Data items
[Start of section]

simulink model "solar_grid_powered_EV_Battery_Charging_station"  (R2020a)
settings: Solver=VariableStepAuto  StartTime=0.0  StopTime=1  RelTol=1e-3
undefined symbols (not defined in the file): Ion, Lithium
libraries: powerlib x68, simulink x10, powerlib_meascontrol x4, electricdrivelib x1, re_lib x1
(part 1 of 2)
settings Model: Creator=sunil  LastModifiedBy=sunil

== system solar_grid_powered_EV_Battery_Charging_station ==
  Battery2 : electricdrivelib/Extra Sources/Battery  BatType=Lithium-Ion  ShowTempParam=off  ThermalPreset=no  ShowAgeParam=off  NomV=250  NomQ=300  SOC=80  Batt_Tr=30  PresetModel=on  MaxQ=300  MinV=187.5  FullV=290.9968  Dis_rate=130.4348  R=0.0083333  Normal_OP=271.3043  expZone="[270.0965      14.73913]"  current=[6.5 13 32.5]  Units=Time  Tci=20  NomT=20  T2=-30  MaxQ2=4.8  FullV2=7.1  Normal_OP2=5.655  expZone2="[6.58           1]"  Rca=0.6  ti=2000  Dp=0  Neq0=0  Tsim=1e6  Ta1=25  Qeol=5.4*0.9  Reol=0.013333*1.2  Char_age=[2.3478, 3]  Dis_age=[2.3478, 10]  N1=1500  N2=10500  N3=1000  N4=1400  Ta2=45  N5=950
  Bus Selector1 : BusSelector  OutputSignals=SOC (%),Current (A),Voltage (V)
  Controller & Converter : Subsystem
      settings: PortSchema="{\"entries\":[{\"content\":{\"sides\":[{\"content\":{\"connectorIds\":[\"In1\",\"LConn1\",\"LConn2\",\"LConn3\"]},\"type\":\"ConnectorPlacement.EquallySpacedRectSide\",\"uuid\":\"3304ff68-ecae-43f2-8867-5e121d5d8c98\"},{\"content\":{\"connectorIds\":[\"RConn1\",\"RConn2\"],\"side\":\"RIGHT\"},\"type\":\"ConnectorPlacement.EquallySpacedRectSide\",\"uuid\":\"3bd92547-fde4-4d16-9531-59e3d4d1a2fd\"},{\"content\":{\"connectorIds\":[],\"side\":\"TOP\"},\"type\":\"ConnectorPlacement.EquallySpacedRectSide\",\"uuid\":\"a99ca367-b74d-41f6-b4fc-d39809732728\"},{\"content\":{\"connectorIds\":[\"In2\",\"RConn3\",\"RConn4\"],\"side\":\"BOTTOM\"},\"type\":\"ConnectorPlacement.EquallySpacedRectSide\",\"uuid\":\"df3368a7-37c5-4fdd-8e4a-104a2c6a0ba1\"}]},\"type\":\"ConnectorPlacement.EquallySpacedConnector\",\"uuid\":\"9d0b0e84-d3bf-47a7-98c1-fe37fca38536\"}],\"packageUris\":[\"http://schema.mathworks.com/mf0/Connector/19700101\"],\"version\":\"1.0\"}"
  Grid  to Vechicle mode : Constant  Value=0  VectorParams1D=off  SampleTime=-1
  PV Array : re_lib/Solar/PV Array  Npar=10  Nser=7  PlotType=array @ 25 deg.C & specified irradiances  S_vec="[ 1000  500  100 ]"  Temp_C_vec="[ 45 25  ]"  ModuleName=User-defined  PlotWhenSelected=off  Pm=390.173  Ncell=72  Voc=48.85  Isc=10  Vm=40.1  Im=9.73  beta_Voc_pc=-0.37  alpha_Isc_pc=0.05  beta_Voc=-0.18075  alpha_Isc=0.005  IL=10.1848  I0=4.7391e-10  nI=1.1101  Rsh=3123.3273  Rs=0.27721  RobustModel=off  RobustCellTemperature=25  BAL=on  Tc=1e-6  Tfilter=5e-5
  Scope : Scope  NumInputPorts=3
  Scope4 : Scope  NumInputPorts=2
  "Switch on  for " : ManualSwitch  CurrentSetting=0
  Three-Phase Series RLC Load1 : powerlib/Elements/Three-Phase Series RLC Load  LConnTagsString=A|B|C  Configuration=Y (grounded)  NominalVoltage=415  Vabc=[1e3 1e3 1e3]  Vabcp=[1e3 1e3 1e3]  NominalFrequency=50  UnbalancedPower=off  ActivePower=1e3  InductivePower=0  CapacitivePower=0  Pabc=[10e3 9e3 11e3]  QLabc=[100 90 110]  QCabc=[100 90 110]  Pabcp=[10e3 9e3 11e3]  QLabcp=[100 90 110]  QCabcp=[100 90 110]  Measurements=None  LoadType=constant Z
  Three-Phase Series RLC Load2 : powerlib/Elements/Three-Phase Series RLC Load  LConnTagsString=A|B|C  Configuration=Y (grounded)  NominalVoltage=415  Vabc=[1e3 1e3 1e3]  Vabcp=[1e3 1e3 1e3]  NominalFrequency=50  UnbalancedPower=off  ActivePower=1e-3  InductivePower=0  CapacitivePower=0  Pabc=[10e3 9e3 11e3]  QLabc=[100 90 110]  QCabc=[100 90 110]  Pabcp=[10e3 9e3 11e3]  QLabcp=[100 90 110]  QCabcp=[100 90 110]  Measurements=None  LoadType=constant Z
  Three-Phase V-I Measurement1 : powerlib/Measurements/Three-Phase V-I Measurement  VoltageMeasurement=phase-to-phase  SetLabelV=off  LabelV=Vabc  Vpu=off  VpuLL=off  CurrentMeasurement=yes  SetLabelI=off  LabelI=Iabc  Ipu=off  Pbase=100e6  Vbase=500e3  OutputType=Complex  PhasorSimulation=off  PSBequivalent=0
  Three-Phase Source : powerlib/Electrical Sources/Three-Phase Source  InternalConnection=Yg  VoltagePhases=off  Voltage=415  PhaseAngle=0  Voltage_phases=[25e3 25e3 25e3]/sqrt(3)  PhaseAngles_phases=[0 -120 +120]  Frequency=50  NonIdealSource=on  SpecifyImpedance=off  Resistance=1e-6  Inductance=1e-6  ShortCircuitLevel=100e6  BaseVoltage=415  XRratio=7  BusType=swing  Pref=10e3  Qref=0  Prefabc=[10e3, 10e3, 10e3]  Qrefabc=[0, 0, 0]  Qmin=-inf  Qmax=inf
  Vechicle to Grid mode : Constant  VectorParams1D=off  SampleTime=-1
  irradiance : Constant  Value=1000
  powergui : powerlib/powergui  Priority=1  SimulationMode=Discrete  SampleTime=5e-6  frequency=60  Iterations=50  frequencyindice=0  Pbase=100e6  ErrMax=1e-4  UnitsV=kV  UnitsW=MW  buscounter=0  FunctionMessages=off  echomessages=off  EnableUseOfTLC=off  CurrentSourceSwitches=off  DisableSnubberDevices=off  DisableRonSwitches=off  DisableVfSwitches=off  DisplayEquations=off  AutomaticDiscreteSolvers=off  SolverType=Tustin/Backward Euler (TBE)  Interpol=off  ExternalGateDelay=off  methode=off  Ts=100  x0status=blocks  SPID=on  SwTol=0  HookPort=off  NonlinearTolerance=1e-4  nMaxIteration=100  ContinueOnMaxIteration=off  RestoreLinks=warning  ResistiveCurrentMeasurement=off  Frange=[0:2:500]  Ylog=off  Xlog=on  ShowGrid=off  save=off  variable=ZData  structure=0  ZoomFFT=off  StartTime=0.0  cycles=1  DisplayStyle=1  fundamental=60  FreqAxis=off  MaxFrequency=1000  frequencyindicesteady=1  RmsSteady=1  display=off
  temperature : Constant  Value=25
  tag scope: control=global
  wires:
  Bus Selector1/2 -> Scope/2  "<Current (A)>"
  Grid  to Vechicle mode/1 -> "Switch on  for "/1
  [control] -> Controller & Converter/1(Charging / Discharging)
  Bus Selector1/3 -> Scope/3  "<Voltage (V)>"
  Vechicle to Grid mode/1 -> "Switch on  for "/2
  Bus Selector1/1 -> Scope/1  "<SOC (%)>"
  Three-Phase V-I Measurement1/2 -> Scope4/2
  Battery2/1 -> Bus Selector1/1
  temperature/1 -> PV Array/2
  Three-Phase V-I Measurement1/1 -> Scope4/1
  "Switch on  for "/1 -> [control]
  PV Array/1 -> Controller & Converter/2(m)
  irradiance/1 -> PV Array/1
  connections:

[End of section]

> [PROBLEM TO WORK ON]: Quote the records above exactly, from the first line through the line containing "undefined symbols (not", and nothing more.

> [RESPONSE TO THE EXERCISE]:
simulink model "solar_grid_powered_EV_Battery_Charging_station"  (R2020a)
settings: Solver=VariableStepAuto  StartTime=0.0  StopTime=1  RelTol=1e-3
undefined symbols (not defined in the file): Ion, Lithium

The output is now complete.